I am new to stan so apologies if this is a stupid question. In order to learn more about bayesian computing I implemented a simple independent normal gamma model (as described in Koop’s Bayesian Econometrics, which is used in my school) in R, C++ and stan. I get the same results in R and C++ (unsurprisingly since I just ported the code) but the variance of the prediction is much lower in Stan. Could this be due to the difference of HMC vs Gibbs samplers or am I doing something wrong? Please find attached the stan model (“iNG.stan”), the Gibbs sampler in C++ (“gibbsOnly.cpp”) and the runfile in R (“iNG.r”)
Thank you very much for your help!
EDIT: Corrected files (sd instead of var)
gibbsOnly.cpp (1.6 KB)
iNG.r (2.6 KB)
iNG.stan (663 Bytes)
I’ve had this similar question myself: Is it fair to say that Stan consists of a ‘library of validated inference algorithms’?
Following the recommendation of @bgoodri you may want to start here - [Validation of Software for Bayesian Models Using Posterior Quantiles, Cook et al.]: https://amstat.tandfonline.com/doi/abs/10.1198/106186006X136976
Cook et al has severe limitations. We currently recommend using the more robust method introduced in https://arxiv.org/abs/1804.06788.
It’s difficult to comment without knowing much more detail. In particular, did any of Stan’s diagnostics indicate problems as described in https://betanalpha.github.io/assets/case_studies/rstan_workflow.html?

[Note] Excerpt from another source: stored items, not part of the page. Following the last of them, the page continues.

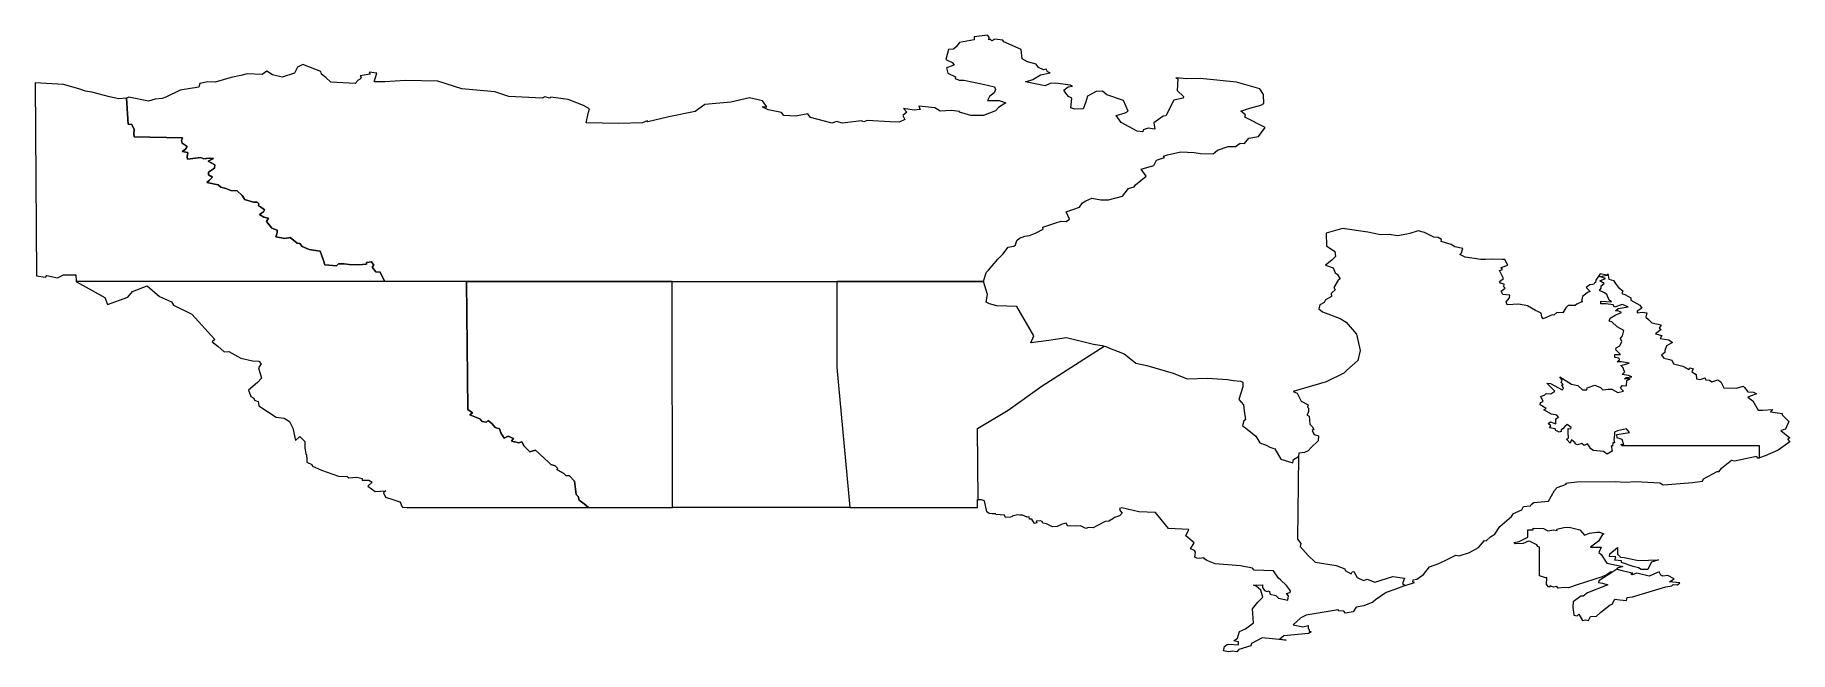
# Model space of a CAD drawing. Extents: x -141 to -55.6, y 42 to 72.
import ezdxf

# ---------------------------------------------------------------- set-up
doc = ezdxf.new("R2010")
doc.units = 0

msp = doc.modelspace()

# ---------------------------------------------------------------- linework, layer by layer
at = {"linetype": 'Continuous', "lineweight": 13}
for points in [[(-92.27, 69.602), (-92.808, 69.718), (-92.453, 69.834), (-92.088, 70.06), (-91.612, 70.154), (-91.745, 70.21), (-91.807, 70.336), (-91.932, 70.307), (-92.19, 70.414), (-92.303, 70.575), (-92.71, 70.688), (-92.978, 70.829), (-93.02, 71.287), (-93.862, 71.659), (-93.912, 71.746), (-94.306, 71.791), (-94.445, 71.713), (-94.537, 71.789), (-94.592, 71.757), (-94.588, 71.881), (-94.665, 71.99), (-95.316, 71.903), (-95.313, 71.764), (-96.033, 71.622), (-96.186, 71.426), (-96.322, 71.299), (-96.564, 71.281), (-96.685, 70.8), (-96.375, 70.659), (-96.278, 70.539), (-96.376, 70.495), (-96.665, 70.395), (-96.601, 70.145), (-96.218, 69.966), (-96.238, 69.877), (-96.037, 69.792), (-95.815, 69.791), (-94.869, 69.594)], [(-125.416, 69.642), (-126.612, 69.693), (-126.845, 69.931), (-127.064, 70.088), (-127.095, 70.218), (-127.971, 70.557), (-128.236, 70.423), (-128.368, 70.133), (-128.982, 69.935), (-129.45, 70.064), (-129.715, 70.239), (-129.944, 70.08), (-130.682, 70.108), (-130.981, 70.029), (-131.45, 69.933), (-132.237, 69.701), (-132.595, 69.716), (-132.974, 69.634), (-133.024, 69.453), (-133.943, 69.312), (-134.634, 68.969), (-134.816, 68.912), (-135.149, 68.872), (-135.476, 68.78), (-136.439, 68.966), (-136.554, 68.915), (-136.458, 67.661), (-136.285, 67.639), (-136.178, 67.397), (-136.194, 67.19), (-136.176, 67.041), (-133.817, 66.996), (-133.874, 66.861), (-133.841, 66.735), (-133.602, 66.577), (-133.67, 66.432), (-133.841, 66.322), (-133.558, 66.272)], [(-104.68, 68.221), (-105.34, 68.352), (-105.618, 68.493), (-105.402, 68.501), (-105.611, 68.787), (-106.244, 68.941), (-107.153, 68.725), (-108.414, 68.619), (-108.876, 68.265), (-110.162, 68.012), (-111.181, 67.768), (-111.216, 67.819), (-111.449, 67.728), (-112.597, 67.691), (-114.18, 67.714), (-114.079, 68.24), (-114.017, 68.395), (-114.313, 68.572), (-115.06, 68.86), (-115.9, 68.973), (-115.957, 68.927), (-116.2, 68.978), (-116.319, 68.926), (-117.954, 68.995), (-118.627, 69.222), (-120.239, 69.371), (-121.397, 69.754), (-122.977, 69.787), (-123.987, 69.708), (-124.493, 69.713), (-124.376, 70.143), (-124.75, 70.19), (-124.698, 70.081), (-125.183, 70), (-125.138, 69.944), (-125.16, 69.858), (-125.281, 69.796), (-125.416, 69.642)], [(-132.359, 65.084), (-132.551, 65.192), (-132.551, 65.323), (-132.269, 65.516), (-132.257, 65.673), (-132.573, 65.862), (-132.32, 65.983), (-132.533, 65.997), (-132.783, 65.965), (-132.934, 66.026), (-133.586, 65.948), (-133.599, 66.06), (-133.558, 66.272), (-133.841, 66.322), (-133.67, 66.432), (-133.602, 66.577), (-133.841, 66.735), (-133.874, 66.861), (-133.817, 66.996), (-136.176, 67.041), (-136.194, 67.19), (-136.178, 67.397), (-136.285, 67.639), (-136.458, 67.661), (-136.554, 68.915), (-136.921, 68.884), (-137.379, 68.99), (-138.235, 69.214), (-138.547, 69.266), (-138.863, 69.377), (-139.619, 69.586), (-140.993, 69.661), (-140.919, 60.279), (-140.491, 60.217), (-140.414, 60.3), (-139.909, 60.177), (-139.612, 60.318), (-139.009, 60.322)], [(-94.869, 69.594), (-94.327, 69.468), (-94.27, 69.348), (-94.335, 69.182), (-94.567, 68.999), (-94.669, 68.802), (-94.096, 68.813), (-93.77, 68.695), (-94.122, 68.473), (-94.268, 68.312), (-94.853, 68.081), (-95.467, 68.085), (-96.024, 68.245), (-96.02, 68.277), (-96.422, 68.319), (-96.959, 68.291), (-97.233, 68.451), (-98.007, 68.539), (-97.947, 68.368), (-98.229, 68.341), (-98.75, 68.417), (-98.594, 68.241), (-98.79, 68.083), (-98.689, 67.878), (-98.957, 67.754), (-99.398, 67.777), (-100.515, 67.84), (-100.681, 67.769), (-100.801, 67.812), (-101.71, 67.708), (-102.009, 67.786), (-102.236, 67.711), (-102.59, 67.802), (-103.281, 67.977), (-103.405, 68.16), (-103.989, 68.041), (-104.576, 68.075), (-104.68, 68.221)], [(-90.009, 68.406), (-90.419, 68.378), (-90.605, 68.457), (-90.563, 68.923), (-90.716, 68.995), (-90.852, 69.162), (-90.945, 69.311), (-90.747, 69.472), (-90.524, 69.509), (-90.642, 69.56), (-91.34, 69.65), (-91.616, 69.633), (-91.864, 69.515), (-92.27, 69.602)], [(-81.477, 67.059), (-81.161, 67.486), (-82.151, 67.998), (-82.116, 68.107), (-82.341, 68.292), (-81.897, 68.441), (-81.365, 68.578), (-81.224, 68.669), (-81.242, 69.095), (-81.409, 69.368), (-82.551, 69.705), (-84.323, 69.885), (-84.972, 69.859), (-85.508, 69.916), (-85.413, 69.855), (-85.441, 69.286), (-85.136, 68.994), (-85.146, 68.926), (-85.596, 68.816), (-85.981, 68.063), (-86.115, 68.05), (-86.57, 67.719), (-86.525, 67.406), (-86.85, 67.455), (-87.087, 67.388), (-87.1, 67.276), (-87.384, 67.308), (-88.161, 67.732), (-88.405, 68.084), (-87.966, 68.21), (-87.825, 68.282), (-88.056, 68.812), (-88.858, 69.091), (-89.065, 69.26), (-89.38, 69.252), (-89.795, 69.014), (-89.889, 68.701), (-90.009, 68.406)], [(-92.841, 62.214), (-92.628, 62.234), (-92.295, 62.366), (-91.961, 62.548), (-91.977, 62.65), (-91.391, 62.84), (-91.077, 62.942), (-90.832, 62.915), (-90.681, 63.028), (-90.833, 63.392), (-90.194, 63.623), (-90.037, 63.834), (-89.883, 63.931), (-89.581, 64.048), (-89.157, 63.981), (-88.78, 63.971), (-88.097, 64.159), (-87.808, 64.521), (-87.535, 64.603), (-87.47, 64.709), (-86.938, 65.122), (-87.184, 65.464), (-86.58, 65.652), (-86.443, 65.908), (-86.049, 66.034), (-86.098, 66.102), (-85.9, 66.157), (-85.262, 66.309), (-84.609, 66.271), (-84.309, 66.229), (-83.683, 66.21), (-83.481, 66.388), (-82.956, 66.566), (-82.599, 66.567), (-82.373, 66.736), (-82.161, 66.717), (-81.956, 66.976), (-81.477, 67.059)], [(-133.558, 66.272), (-133.599, 66.06), (-133.586, 65.948), (-132.934, 66.026), (-132.783, 65.965), (-132.533, 65.997), (-132.32, 65.983), (-132.573, 65.862), (-132.257, 65.673), (-132.269, 65.516), (-132.551, 65.323), (-132.551, 65.192), (-132.359, 65.084), (-132.508, 64.927), (-132.634, 64.824), (-132.088, 64.702), (-131.965, 64.584), (-131.713, 64.52), (-131.473, 64.433), (-131.16, 64.404), (-130.919, 64.189), (-130.822, 64.035), (-130.814, 63.985), (-130.361, 63.857), (-130.197, 63.868), (-130.114, 63.772), (-130.122, 63.674), (-130.026, 63.627), (-129.838, 63.481), (-129.886, 63.392), (-130.077, 63.265), (-129.87, 63.136), (-129.637, 63.082), (-129.741, 62.927), (-129.48, 62.599), (-129.219, 62.499), (-129.223, 62.378), (-129.256, 62.253)], [(-126.242, 60.854), (-126.334, 60.769), (-126.894, 60.808), (-126.982, 61.063), (-127.131, 61.47), (-127.66, 61.565), (-127.996, 61.705), (-128.116, 61.849), (-128.238, 61.873), (-128.578, 62.136), (-128.852, 62.09), (-129.283, 62.177), (-129.256, 62.253), (-129.223, 62.378), (-129.219, 62.499), (-129.48, 62.599), (-129.741, 62.927), (-129.637, 63.082), (-129.87, 63.136), (-130.077, 63.265), (-129.886, 63.392), (-129.838, 63.481), (-130.026, 63.627), (-130.122, 63.674), (-130.114, 63.772), (-130.197, 63.868), (-130.361, 63.857), (-130.814, 63.985), (-130.822, 64.035), (-130.919, 64.189), (-131.16, 64.404), (-131.473, 64.433), (-131.713, 64.52), (-131.965, 64.584), (-132.088, 64.702), (-132.634, 64.824), (-132.508, 64.927), (-132.359, 65.084)], [(-73.712, 62.472), (-74.121, 62.342), (-74.262, 62.3), (-74.722, 62.222), (-75.132, 62.288), (-75.547, 62.268), (-76.161, 62.399), (-77.4, 62.579), (-78.191, 62.346), (-78.179, 61.738), (-77.765, 61.453), (-77.729, 61.217), (-77.91, 61.046), (-78.229, 60.801), (-77.851, 60.661), (-77.749, 60.416), (-77.656, 60.356), (-77.507, 60.131), (-77.61, 60.072), (-77.823, 59.708), (-77.758, 59.594), (-77.895, 59.459), (-77.94, 59.411), (-77.927, 59.274), (-78.224, 59.109), (-78.292, 58.977), (-78.505, 58.857), (-78.545, 58.67), (-78.367, 58.529), (-77.515, 58.197), (-77.218, 58.024), (-76.707, 57.434), (-76.53, 56.648), (-76.644, 56.152), (-77.203, 55.67), (-77.333, 55.532), (-78.192, 55.123), (-79.79, 54.64)], [(-68.395, 58.817), (-68.825, 58.901), (-69.39, 58.873), (-69.439, 59.018), (-69.273, 59.202), (-69.247, 59.341), (-69.59, 59.363), (-69.68, 59.522), (-69.482, 59.671), (-69.545, 59.743), (-69.532, 59.871), (-69.707, 59.915), (-69.762, 60.001), (-69.564, 60.139), (-69.763, 60.537), (-69.616, 60.587), (-69.68, 60.683), (-69.354, 60.799), (-69.495, 61.071), (-69.633, 61.078), (-70.133, 61.094), (-70.432, 61.069), (-70.66, 61.065), (-71.426, 61.18), (-71.68, 61.316), (-71.604, 61.394), (-71.548, 61.598), (-71.924, 61.68), (-72.104, 61.794), (-72.59, 61.953), (-72.573, 62.051), (-72.743, 62.144), (-72.949, 62.159), (-73.402, 62.377), (-73.712, 62.472)], [(-129.256, 62.253), (-129.283, 62.177), (-128.852, 62.09), (-128.578, 62.136), (-128.238, 61.873), (-128.116, 61.849), (-127.996, 61.705), (-127.66, 61.565), (-127.131, 61.47), (-126.982, 61.063), (-126.894, 60.808), (-126.334, 60.769), (-126.242, 60.854), (-125.951, 60.866), (-125.712, 60.821), (-125.262, 60.81), (-124.874, 60.847), (-124.871, 60.924), (-124.629, 60.962), (-124.517, 60.803), (-124.604, 60.705), (-124.423, 60.474), (-124.206, 60.457), (-124, 60.013), (-120, 60), (-110, 60), (-101.993, 60), (-94.859, 60), (-94.729, 60.432), (-94.608, 60.548), (-94.167, 61.08), (-93.91, 61.331), (-93.653, 61.676), (-93.379, 61.712), (-93.294, 61.779), (-93.232, 61.997), (-93.111, 62.112), (-92.841, 62.214)], [(-139.009, 60.322), (-138.988, 60.002), (-124, 60.013), (-124.206, 60.457), (-124.423, 60.474), (-124.604, 60.705), (-124.517, 60.803), (-124.629, 60.962), (-124.871, 60.924), (-124.874, 60.847), (-125.262, 60.81), (-125.712, 60.821), (-125.951, 60.866), (-126.242, 60.854)], [(-119.945, 53.775), (-120, 60), (-124, 60.013), (-138.988, 60.002), (-138.985, 59.976), (-137.597, 59.218), (-137.47, 58.885), (-136.488, 59.246), (-136.25, 59.521), (-135.535, 59.785), (-134.947, 59.265), (-134.363, 59.014), (-134.268, 58.852), (-133.366, 58.407), (-132.246, 57.183), (-132.376, 57.062), (-132.104, 56.846), (-131.8, 56.583), (-131.566, 56.591), (-130.98, 56.274), (-130.424, 56.143), (-130.102, 56.124), (-130, 56), (-130.125, 55.805), (-129.977, 55.302), (-130.18, 55.092), (-130.62, 54.716), (-130.499, 54.411), (-130.353, 54.331), (-130.317, 54.222), (-130.136, 54.163), (-130.106, 53.945), (-129.274, 53.392), (-128.879, 53.346), (-128.617, 53.189), (-128.456, 52.857), (-128.327, 52.264), (-128.108, 52.46)], [(-109.987, 48.999), (-109.987, 49.001), (-110, 58.967), (-110, 59.322), (-110, 60), (-120, 60), (-119.945, 53.775), (-119.715, 53.609), (-119.839, 53.519), (-119.351, 53.326), (-119.238, 53.189), (-119.029, 53.162), (-118.949, 53.236), (-118.764, 53.073), (-118.617, 52.9), (-118.395, 52.832), (-118.331, 52.637), (-118.182, 52.38), (-117.974, 52.472), (-117.719, 52.353), (-117.818, 52.228), (-117.456, 52.144), (-117.321, 52.191), (-117.206, 51.983), (-116.929, 51.707), (-116.647, 51.787), (-116.003, 51.199), (-115.908, 51.091), (-115.693, 51.028), (-115.565, 50.894), (-115.608, 50.847), (-115.278, 50.652), (-115.183, 50.557), (-114.998, 50.552), (-114.754, 50.284), (-114.673, 49.644), (-114.571, 49.543), (-114.523, 49.362)], [(-64.537, 59.369), (-64.647, 59.456), (-64.895, 59.564), (-64.819, 59.678), (-64.819, 59.786), (-64.661, 59.904), (-64.883, 60.04), (-64.605, 60.142), (-64.877, 60.24), (-64.52, 60.308), (-64.865, 60.375), (-65.068, 60.064), (-65.09, 59.949), (-65.144, 59.931), (-65.164, 59.864), (-65.228, 59.847), (-65.367, 59.83), (-65.539, 59.712), (-65.349, 59.512), (-65.483, 59.459), (-65.569, 59.385), (-65.725, 59.269), (-65.773, 59.033), (-65.725, 59.019), (-66.002, 58.9), (-66.081, 58.833), (-66.421, 58.839), (-66.526, 58.721), (-66.682, 58.482), (-66.967, 58.486), (-67.111, 58.364), (-67.189, 58.372), (-67.639, 58.18), (-67.694, 58.283), (-67.734, 58.459), (-67.857, 58.53), (-68.014, 58.583), (-68.395, 58.817)], [(-63.785, 58.885), (-64.159, 58.757), (-64.236, 58.859), (-64.58, 58.906), (-64.824, 58.914), (-64.829, 59.048), (-64.311, 59.005), (-64.424, 59.088), (-64.537, 59.369), (-64.647, 59.456), (-64.895, 59.564), (-64.819, 59.678), (-64.819, 59.786), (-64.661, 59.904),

The important thing to keep in mind is that MCMC is not guaranteed to give you a reasonable answer in any finite amount of time, and many algorithms return estimates that are biased with respect to the true posterior without any indication. The algorithm used by Stan is more informative, but we can’t say anything without knowing what those informative messages are.
Thank you both for your quick responses! I looked at the shinystan diagnostics and nothing looks out of the ordinary. In addition I ran @betanalpha’s utility script which returned
 "n_eff / iter looks reasonable for all parameters"
 "Rhat looks reasonable for all parameters"
 "0 of 20000 iterations ended with a divergence (0%)"
 "0 of 20000 iterations saturated the maximum tree depth of 10 (0%)"
 "E-BFMI indicated no pathological behavior"
which I seems to provide further indication of the mcmc having worked. May I reasonably assume that stan has run the model successfully and this is a difference between Gibbs and HMC?
I have one more theory: If I do not add a random error to my prediction I get roughly the same result in stan and R/C++. Is it simply not correct to add an error?
Appologies I am just an idiot. The difference is that I need to take the square root in the R version.
Thanks for running this down, good to know it wasn’t us!